I had to go to the internet for information about this. The film-maker, Geyrhalter, said some companies were proud of their plants and the processes they used, and willingly agreed to their being shot. But others (as I know they are in North America), were more suspicious and guarded.

The internet provides a list of  25 companies, all named, in which the filming was performed, in eight separate countries of Europe.

I remember once being surprised when I was making a film in mid-northern Quebec about a farming family half of whose members had emigrated to northern Alberta. The subject of the film had nothing to do with the huge barn in which the family kept its milking cows throughout most of the year, certainly all through the winter, apart from its being their workplace.

Their animals were kept in stalls with a chain around their necks, restricting their movement to just sitting down or standing up. They were artificially impregnanted, and when ready to deliver a calf they were taken to the end of the barn, from which, after delivery, they were returned to their stall.
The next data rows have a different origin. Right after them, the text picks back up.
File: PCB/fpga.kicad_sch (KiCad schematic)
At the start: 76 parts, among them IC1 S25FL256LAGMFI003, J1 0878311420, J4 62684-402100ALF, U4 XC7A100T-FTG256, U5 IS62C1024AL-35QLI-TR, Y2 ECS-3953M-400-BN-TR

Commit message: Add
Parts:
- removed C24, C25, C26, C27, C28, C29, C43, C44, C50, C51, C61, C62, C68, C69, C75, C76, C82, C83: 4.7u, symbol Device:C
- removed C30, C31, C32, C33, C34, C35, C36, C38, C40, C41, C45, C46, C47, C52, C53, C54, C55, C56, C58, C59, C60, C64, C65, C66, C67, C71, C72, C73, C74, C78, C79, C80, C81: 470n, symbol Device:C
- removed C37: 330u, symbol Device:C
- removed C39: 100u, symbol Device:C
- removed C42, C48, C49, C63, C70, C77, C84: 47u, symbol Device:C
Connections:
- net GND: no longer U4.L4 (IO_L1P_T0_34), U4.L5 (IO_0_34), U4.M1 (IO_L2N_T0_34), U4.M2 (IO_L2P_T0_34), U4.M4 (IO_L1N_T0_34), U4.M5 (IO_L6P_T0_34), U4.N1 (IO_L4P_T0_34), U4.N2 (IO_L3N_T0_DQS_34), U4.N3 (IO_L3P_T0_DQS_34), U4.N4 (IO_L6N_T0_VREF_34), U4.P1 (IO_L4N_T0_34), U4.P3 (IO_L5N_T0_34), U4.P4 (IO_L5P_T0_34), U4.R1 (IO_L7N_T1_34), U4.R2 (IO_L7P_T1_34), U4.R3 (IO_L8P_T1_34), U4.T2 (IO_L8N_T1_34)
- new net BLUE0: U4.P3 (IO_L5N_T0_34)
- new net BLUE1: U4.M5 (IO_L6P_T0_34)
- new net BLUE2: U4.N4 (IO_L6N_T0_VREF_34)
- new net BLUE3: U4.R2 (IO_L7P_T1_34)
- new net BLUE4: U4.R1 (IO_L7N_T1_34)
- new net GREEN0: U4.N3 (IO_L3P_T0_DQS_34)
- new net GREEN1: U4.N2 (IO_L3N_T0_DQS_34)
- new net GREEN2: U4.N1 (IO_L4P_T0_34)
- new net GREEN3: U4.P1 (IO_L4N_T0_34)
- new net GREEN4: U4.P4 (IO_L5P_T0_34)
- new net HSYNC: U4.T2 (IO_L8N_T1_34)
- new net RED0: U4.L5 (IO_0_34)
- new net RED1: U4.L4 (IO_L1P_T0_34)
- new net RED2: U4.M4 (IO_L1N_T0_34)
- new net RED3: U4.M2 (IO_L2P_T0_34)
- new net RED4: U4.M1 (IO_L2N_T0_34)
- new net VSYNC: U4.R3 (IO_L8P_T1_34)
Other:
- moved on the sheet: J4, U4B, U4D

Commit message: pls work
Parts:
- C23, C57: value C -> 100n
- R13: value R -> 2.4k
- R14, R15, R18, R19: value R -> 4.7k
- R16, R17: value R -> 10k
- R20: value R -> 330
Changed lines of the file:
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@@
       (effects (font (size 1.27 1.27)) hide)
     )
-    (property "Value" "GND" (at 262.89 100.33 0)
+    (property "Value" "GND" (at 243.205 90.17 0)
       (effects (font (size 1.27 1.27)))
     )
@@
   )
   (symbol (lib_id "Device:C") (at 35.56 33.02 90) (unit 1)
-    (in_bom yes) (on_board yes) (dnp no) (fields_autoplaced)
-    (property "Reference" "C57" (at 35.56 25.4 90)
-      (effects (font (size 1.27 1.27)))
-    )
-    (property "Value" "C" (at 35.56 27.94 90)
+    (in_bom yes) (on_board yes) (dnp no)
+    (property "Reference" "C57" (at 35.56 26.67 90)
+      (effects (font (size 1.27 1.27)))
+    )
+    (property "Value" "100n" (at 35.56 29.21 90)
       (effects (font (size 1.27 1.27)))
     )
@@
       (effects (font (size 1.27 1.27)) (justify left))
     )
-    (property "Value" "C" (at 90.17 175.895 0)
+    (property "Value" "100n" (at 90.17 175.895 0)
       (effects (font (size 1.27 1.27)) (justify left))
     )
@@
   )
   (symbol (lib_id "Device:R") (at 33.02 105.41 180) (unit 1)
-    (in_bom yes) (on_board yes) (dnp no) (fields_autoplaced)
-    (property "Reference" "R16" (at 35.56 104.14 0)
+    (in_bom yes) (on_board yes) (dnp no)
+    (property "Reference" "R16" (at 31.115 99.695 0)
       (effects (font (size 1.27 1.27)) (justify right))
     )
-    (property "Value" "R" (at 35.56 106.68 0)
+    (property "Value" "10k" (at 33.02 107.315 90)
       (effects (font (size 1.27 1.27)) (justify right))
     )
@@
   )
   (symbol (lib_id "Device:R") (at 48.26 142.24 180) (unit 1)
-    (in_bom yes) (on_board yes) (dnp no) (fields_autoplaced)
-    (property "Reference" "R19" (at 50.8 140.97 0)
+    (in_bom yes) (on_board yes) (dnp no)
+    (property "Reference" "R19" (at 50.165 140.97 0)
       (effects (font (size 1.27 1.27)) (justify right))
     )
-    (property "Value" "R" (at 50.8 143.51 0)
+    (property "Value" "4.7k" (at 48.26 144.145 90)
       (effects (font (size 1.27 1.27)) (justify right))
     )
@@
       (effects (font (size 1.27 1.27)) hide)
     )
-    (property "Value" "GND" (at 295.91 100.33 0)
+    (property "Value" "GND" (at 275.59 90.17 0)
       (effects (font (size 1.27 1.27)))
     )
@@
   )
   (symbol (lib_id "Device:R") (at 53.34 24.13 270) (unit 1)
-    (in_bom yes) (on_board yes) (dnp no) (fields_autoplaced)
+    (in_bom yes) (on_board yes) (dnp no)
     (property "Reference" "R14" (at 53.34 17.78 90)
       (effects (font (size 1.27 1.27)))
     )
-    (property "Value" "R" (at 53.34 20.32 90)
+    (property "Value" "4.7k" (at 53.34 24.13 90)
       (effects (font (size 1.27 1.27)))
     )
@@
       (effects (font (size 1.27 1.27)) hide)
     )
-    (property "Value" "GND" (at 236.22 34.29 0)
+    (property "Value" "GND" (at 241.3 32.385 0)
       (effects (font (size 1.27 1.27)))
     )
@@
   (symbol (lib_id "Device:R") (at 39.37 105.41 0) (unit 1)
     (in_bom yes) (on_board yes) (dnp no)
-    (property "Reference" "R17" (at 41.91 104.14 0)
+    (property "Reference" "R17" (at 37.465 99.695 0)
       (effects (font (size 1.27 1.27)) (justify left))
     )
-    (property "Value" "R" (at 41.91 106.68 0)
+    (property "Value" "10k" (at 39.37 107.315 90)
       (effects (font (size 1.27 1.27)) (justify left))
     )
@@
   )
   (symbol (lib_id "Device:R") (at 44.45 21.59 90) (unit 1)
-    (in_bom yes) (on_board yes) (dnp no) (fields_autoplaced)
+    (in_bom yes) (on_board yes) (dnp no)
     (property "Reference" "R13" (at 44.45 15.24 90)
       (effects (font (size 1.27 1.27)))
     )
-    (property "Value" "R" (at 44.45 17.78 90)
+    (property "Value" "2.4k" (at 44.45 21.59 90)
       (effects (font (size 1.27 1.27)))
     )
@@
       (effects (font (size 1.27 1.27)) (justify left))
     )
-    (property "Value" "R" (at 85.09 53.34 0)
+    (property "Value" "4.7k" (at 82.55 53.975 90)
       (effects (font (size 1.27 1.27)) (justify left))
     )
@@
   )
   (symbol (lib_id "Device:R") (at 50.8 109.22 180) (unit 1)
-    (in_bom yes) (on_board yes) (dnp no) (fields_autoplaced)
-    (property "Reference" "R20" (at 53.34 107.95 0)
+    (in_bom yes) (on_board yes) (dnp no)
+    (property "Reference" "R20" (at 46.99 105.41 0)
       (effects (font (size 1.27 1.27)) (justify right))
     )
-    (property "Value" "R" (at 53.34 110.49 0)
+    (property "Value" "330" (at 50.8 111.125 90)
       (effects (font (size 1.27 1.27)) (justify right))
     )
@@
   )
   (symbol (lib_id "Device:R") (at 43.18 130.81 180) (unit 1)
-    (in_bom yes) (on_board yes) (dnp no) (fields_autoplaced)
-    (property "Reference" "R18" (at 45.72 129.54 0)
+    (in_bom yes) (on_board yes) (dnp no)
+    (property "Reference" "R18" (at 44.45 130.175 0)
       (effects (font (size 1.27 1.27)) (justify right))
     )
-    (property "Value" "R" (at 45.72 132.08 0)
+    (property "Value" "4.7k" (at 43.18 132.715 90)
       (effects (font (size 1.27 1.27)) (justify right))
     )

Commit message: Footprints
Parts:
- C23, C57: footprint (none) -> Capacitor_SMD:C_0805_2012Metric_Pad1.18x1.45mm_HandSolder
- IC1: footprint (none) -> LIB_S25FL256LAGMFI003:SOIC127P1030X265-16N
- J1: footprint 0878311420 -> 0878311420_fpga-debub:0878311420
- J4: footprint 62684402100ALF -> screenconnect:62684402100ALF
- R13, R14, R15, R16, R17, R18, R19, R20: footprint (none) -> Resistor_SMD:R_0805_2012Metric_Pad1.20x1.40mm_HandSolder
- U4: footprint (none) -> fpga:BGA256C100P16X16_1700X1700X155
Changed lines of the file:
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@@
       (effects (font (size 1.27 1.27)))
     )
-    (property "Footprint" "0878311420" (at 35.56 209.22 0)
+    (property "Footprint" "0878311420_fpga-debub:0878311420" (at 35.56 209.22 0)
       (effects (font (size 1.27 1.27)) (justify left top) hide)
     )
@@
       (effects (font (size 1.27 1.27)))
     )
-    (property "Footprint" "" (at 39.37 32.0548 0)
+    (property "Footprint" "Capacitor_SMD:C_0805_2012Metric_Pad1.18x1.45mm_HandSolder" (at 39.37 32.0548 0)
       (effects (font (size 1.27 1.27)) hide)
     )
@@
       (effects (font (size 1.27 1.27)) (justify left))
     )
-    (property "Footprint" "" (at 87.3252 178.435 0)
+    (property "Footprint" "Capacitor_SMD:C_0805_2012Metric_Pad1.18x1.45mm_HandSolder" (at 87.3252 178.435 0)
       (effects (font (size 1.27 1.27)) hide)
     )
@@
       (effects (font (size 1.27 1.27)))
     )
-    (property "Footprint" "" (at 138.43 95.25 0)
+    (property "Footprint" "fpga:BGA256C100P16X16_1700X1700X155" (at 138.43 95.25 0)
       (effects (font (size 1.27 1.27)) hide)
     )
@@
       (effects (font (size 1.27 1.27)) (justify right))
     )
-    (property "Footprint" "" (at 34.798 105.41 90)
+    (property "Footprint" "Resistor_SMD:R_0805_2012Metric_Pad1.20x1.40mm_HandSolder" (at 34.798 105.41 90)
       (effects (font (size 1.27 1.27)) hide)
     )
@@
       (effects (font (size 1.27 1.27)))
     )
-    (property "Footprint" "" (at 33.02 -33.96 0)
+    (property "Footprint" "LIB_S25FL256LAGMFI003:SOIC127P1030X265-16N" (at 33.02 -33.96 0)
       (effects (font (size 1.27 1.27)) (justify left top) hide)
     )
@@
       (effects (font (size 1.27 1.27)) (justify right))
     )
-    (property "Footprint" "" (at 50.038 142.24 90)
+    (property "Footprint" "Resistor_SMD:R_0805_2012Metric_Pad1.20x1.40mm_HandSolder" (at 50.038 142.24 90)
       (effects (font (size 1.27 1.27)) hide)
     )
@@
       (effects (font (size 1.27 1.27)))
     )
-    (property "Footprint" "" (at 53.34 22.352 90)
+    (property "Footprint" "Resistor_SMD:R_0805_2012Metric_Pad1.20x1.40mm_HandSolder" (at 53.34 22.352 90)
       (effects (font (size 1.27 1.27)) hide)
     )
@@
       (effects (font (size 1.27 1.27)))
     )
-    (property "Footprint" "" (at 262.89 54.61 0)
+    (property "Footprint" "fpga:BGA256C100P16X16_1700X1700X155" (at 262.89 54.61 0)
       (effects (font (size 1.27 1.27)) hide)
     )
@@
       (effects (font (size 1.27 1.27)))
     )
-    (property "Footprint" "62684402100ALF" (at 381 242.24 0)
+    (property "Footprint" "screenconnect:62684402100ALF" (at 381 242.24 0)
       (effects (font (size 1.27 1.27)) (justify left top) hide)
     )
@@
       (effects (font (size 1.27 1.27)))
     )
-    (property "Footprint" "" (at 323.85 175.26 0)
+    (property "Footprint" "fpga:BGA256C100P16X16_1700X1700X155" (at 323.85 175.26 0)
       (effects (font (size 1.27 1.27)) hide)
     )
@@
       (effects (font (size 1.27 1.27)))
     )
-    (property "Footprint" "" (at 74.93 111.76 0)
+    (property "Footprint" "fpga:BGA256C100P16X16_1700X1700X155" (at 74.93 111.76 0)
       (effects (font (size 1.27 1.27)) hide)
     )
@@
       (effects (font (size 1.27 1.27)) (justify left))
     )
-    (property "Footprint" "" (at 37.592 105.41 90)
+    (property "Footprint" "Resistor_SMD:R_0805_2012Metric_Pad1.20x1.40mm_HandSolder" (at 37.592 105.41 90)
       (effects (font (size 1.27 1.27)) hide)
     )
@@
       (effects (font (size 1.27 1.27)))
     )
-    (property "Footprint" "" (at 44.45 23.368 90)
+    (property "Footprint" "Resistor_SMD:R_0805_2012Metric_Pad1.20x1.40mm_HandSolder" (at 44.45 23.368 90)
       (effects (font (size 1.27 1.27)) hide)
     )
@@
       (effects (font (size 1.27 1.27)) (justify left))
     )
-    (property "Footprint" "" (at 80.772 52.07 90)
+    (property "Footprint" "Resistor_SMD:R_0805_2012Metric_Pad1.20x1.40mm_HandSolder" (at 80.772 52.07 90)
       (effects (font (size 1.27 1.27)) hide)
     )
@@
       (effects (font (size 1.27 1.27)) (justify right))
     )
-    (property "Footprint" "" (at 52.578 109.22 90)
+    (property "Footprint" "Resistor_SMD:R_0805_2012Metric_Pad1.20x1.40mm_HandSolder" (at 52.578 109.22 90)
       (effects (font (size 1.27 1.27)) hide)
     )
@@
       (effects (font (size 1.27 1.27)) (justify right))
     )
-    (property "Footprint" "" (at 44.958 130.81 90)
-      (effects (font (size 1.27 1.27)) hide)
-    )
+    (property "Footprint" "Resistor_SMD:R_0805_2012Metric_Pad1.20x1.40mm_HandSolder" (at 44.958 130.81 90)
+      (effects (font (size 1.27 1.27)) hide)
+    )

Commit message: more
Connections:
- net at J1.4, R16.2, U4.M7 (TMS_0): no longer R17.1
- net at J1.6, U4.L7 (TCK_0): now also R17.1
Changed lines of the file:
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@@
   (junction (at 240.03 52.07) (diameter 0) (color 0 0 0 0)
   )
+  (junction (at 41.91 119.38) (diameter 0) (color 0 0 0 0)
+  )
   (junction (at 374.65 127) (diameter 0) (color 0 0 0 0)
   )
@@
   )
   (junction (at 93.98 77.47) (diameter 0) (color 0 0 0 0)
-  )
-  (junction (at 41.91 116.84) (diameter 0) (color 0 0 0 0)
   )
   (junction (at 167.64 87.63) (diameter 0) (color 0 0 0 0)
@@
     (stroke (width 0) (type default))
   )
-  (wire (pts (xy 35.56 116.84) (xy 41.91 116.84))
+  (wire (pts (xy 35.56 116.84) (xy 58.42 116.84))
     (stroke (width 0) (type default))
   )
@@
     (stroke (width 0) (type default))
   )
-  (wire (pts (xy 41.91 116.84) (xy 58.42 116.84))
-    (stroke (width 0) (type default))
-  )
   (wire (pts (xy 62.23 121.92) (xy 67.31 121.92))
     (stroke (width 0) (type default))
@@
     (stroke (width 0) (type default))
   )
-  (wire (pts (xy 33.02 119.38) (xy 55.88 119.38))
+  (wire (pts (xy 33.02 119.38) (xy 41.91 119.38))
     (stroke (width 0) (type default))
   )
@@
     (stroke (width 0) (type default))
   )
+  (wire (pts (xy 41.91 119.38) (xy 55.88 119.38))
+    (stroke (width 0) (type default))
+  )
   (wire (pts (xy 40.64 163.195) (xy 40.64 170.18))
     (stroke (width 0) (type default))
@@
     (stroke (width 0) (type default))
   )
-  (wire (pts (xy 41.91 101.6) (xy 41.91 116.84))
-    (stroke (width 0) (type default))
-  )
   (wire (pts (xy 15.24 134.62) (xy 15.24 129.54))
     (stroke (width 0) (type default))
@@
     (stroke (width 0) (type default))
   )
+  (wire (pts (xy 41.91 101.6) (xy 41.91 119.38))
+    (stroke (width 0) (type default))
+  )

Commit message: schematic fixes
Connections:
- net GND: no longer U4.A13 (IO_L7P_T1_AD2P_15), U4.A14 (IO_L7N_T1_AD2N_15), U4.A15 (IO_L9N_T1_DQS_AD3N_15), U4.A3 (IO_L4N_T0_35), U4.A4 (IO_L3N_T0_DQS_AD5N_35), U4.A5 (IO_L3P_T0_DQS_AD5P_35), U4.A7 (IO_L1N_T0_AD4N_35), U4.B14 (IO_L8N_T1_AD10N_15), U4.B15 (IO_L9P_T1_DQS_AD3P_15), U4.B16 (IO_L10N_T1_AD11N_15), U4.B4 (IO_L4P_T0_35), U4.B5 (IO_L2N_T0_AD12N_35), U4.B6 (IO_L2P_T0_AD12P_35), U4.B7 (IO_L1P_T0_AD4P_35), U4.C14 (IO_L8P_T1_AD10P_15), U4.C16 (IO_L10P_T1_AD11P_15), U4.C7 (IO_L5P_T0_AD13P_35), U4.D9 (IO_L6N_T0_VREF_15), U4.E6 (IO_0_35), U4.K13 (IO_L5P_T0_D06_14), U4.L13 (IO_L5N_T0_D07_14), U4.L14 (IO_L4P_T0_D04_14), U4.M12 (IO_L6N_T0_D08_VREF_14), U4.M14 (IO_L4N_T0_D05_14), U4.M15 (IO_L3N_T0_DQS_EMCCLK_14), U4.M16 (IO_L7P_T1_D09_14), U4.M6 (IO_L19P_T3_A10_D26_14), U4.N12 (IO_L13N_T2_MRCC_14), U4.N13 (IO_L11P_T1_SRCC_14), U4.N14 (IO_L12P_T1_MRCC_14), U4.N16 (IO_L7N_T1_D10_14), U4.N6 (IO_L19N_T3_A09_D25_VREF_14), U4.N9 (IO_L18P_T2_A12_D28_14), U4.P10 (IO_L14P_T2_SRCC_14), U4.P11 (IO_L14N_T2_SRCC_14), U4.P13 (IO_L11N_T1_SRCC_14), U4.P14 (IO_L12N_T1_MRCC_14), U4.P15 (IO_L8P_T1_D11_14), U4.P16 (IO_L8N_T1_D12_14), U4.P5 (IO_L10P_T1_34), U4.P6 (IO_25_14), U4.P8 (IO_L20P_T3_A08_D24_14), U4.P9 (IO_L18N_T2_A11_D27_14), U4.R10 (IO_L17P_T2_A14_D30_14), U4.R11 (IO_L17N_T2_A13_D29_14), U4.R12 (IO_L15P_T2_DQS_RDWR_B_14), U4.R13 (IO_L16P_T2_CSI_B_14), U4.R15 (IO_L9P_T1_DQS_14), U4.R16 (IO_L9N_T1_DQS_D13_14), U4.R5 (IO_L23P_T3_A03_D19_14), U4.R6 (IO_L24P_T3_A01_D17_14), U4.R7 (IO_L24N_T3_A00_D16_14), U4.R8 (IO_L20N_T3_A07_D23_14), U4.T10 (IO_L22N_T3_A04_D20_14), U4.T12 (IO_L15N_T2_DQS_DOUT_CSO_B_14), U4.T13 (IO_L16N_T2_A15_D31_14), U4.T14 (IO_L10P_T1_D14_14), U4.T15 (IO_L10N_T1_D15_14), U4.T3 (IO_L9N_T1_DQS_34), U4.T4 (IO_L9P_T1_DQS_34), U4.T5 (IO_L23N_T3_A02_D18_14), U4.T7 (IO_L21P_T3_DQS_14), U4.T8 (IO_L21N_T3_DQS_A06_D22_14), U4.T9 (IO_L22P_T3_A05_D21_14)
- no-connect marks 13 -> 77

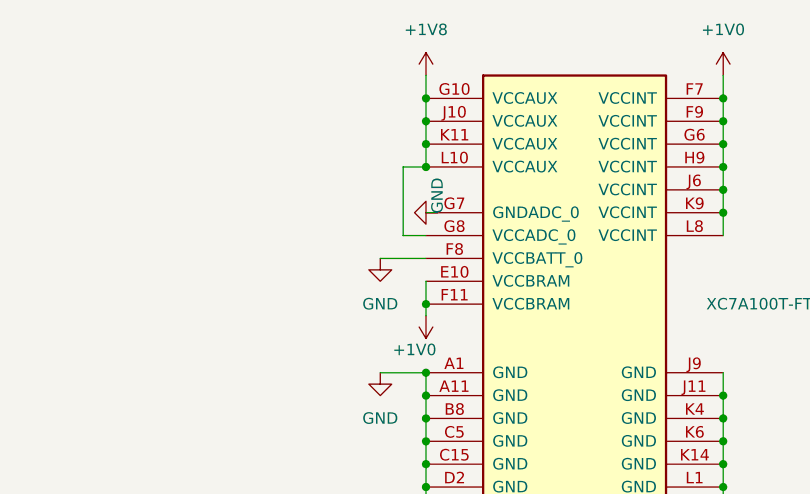
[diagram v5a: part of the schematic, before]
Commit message: schematic fixes.2
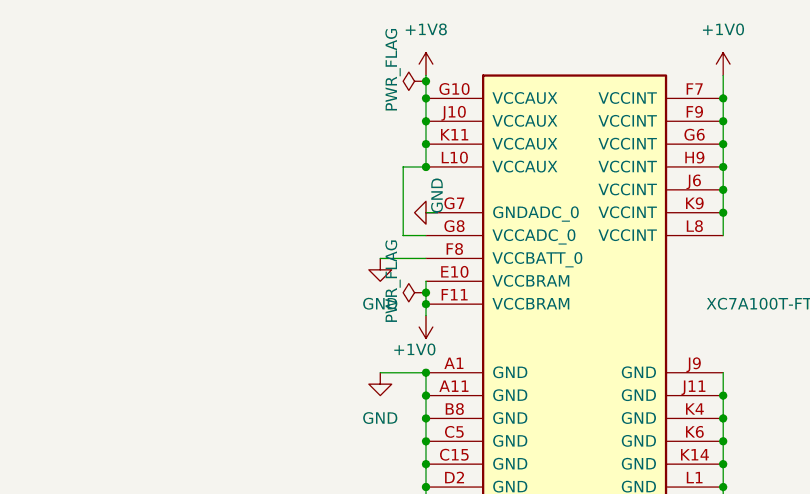
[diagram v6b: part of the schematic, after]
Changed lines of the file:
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@@
   (junction (at 106.68 21.59) (diameter 0) (color 0 0 0 0)
   )
+  (junction (at 240.03 43.18) (diameter 0) (color 0 0 0 0)
+  )
   (junction (at 273.05 31.75) (diameter 0) (color 0 0 0 0)
   )
@@
   )
   (junction (at 147.32 21.59) (diameter 0) (color 0 0 0 0)
+  )
+  (junction (at 240.03 19.685) (diameter 0) (color 0 0 0 0)
   )
   (junction (at 15.24 116.84) (diameter 0) (color 0 0 0 0)
@@
     (stroke (width 0) (type default))
   )
+  (wire (pts (xy 240.03 43.18) (xy 240.03 44.45))
+    (stroke (width 0) (type default))
+  )
   (wire (pts (xy 62.23 121.92) (xy 67.31 121.92))
     (stroke (width 0) (type default))
@@
     (stroke (width 0) (type default))
   )
-  (wire (pts (xy 240.03 19.05) (xy 240.03 21.59))
+  (wire (pts (xy 240.03 19.05) (xy 240.03 19.685))
     (stroke (width 0) (type default))
   )
@@
     (stroke (width 0) (type default))
   )
-  (wire (pts (xy 240.03 41.91) (xy 240.03 44.45))
+  (wire (pts (xy 240.03 41.91) (xy 240.03 43.18))
     (stroke (width 0) (type default))
   )
@@
   )
   (wire (pts (xy 222.25 123.19) (xy 167.64 123.19))
+    (stroke (width 0) (type default))
+  )
+  (wire (pts (xy 240.03 19.685) (xy 240.03 21.59))
     (stroke (width 0) (type default))
   )
@@
         (path "/aa113cd6-c3ac-4890-9a84-1ea195994408/e43e14ef-0971-4dbf-9758-48ad88cea06a"
           (reference "J1") (unit 1)
+        )
+      )
+    )
+  )
+  (symbol (lib_id "power:PWR_FLAG") (at 240.03 19.685 90) (unit 1)
+    (in_bom yes) (on_board yes) (dnp no)
+    (property "Reference" "#FLG01" (at 238.125 19.685 0)
+      (effects (font (size 1.27 1.27)) hide)
+    )
+    (property "Value" "PWR_FLAG" (at 236.22 18.415 0)
+      (effects (font (size 1.27 1.27)))
+    )
+    (property "Footprint" "" (at 240.03 19.685 0)
+      (effects (font (size 1.27 1.27)) hide)
+    )
+    (property "Datasheet" "~" (at 240.03 19.685 0)
+      (effects (font (size 1.27 1.27)) hide)
+    )
+    (pin "1")
+    (instances
+      (project "PCB"
+        (path "/aa113cd6-c3ac-4890-9a84-1ea195994408/6d6ebb76-19de-41e4-9a7d-528f4e5c1c0f"
+          (reference "#FLG01") (unit 1)
+        )
+        (path "/aa113cd6-c3ac-4890-9a84-1ea195994408/e43e14ef-0971-4dbf-9758-48ad88cea06a"
+          (reference "#FLG04") (unit 1)
         )
       )
@@
         )
       )
+    )
+  )
+  (symbol (lib_id "power:PWR_FLAG") (at 240.03 43.18 90) (unit 1)
+    (in_bom yes) (on_board yes) (dnp no)
+    (property "Reference" "#FLG01" (at 238.125 43.18 0)
+      (effects (font (size 1.27 1.27)) hide)
+    )
+    (property "Value" "PWR_FLAG" (at 236.22 41.91 0)
+      (effects (font (size 1.27 1.27)))
+    )
+    (property "Footprint" "" (at 240.03 43.18 0)
+      (effects (font (size 1.27 1.27)) hide)
+    )
+    (property "Datasheet" "~" (at 240.03 43.18 0)
+      (effects (font (size 1.27 1.27)) hide)
+    )
+    (pin "1")
+    (instances
+      (project "PCB"
+        (path "/aa113cd6-c3ac-4890-9a84-1ea195994408/6d6ebb76-19de-41e4-9a7d-528f4e5c1c0f"
+          (reference "#FLG01") (unit 1)
+        )
+        (path "/aa113cd6-c3ac-4890-9a84-1ea195994408/e43e14ef-0971-4dbf-9758-48ad88cea06a"
+          (reference "#FLG03") (unit 1)
+        )
+      )

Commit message: PCB
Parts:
- added C95: 4.7u, Capacitor_SMD:C_0805_2012Metric_Pad1.18x1.45mm_HandSolder, symbol Device:C
- added C96: 1u, Capacitor_SMD:C_0805_2012Metric_Pad1.18x1.45mm_HandSolder, symbol Device:C
- added D2: MBR0520, Diode_SMD:D_SOD-123, symbol Diode:MBR0520
- added IC2: LT1932ES6#TRMPBF, ledDriver:SOT95P280X100-6N, symbol LT1932ES6#TRMPBF:LT1932ES6#TRMPBF
- added L4: 6.8u, Inductor_SMD:L_0805_2012Metric_Pad1.05x1.20mm_HandSolder, symbol Device:L
- added R40: 562, Resistor_SMD:R_0805_2012Metric_Pad1.20x1.40mm_HandSolder, symbol Device:R
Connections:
- net +3.3V: now also J4.4, C95.1, IC2.5 (~{SHDN}), IC2.6 (VIN), L4.1
- net GND: now also J4.29, C95.2, C96.2, IC2.2 (GND), R40.2
- net at J4.1: now also IC2.3 (LED); no longer U4.C6 (IO_L5N_T0_AD13N_35)
- net at J4.2: now also C96.1, D2.1 (K); no longer U4.D6 (IO_L6P_T0_35)
- net at U4.J4 (IO_L19N_T3_VREF_35): no longer J4.29
- net at U4.C3 (IO_L7P_T1_AD6P_35): no longer J4.4
- new net: IC2.4 (RSET), R40.1
- new net: D2.2 (A), IC2.1 (SW), L4.2
- no-connect marks 77 -> 81

The process struck me as totally inhumane, although I suppose one might have argued that they were at least sheltered from the worst of the winter.

When I got to Alberta, the other branch of the family, 25 years there, was still living in a small house but had half a million dollars of farming equipment in their barn, which they used to pursue their monocultural production of wheat. They didn’t grow anything else on the farm, but bought their eggs, meat and other food from the supermarket in the nearby town.
 It raised the question in my mind whether we are not setting ourseves up for a massive fall with our monocultural methods of abusing nature. And this film, Our Daily Bread, certainly poses that and many other questions as well. 
 Everyone should see it.
 But I think the last word should go to Geyrhalter himself, who said in an interview:

“There were some people at (some) companies who see the consumer’s alienation from food production as a problem because consumers have no idea about their concerns. On the other hand lots of companies are afraid of publicity and what a film like this could show. After all, there are constant scandals, and they might think: If it’s going to create a scandal, then they should do their shooting at the
competition!
“But the point of this film isn’t to uncover scandals. I wanted to collect and make accessible images from this branch, this world,  in as objective a manner as possible. What makes it fascinating are the machines and the sense of what’s doable, the human spirit of invention and organization, even at close quarters with horror and insensitivity.
“Plants and animals are treated just like any other goods, and smooth functioning is extremely important. The most important thing is how the animals can be born, raised and held as efficiently and inexpensively as possible, how to treat them so they’re as fresh and undamaged as possible when they arrive at the slaughterhouse, and that the levels of medications and stress hormones in the meat are below the legal limits. No one thinks about whether they’re happy. If you want to call that a scandal, which is more than justified, then you have to take your thinking one step further. Then it becomes the scandal of how we live, because this economic, ‘soulless’ efficiency is in a reciprocal relationship with our society’s lifestyle. There’s nothing wrong with saying, ‘Buy organic products! Eat less meat!’ But at the same time it’s a kind of excuse, because we all enjoy the fruits of automation and industrialization and globalization every day, which affect much more than just food.
 “The film’s title, OUR DAILY BREAD refers to our cultural history, and because of the religious association the effect’s even more crass considering how people treat their resources and fellow living beings. I always take the thought further, and the next line would be: And forgive us our sins. But it also refers to earning our daily bread, the normality of this life, the question of how people do their jobs, and how this has changed. Who runs the machines, who controls the processes - and who digs in the ground with their bare hands or picks the cucumbers? How is our daily bread distributed in contemporary Europe?”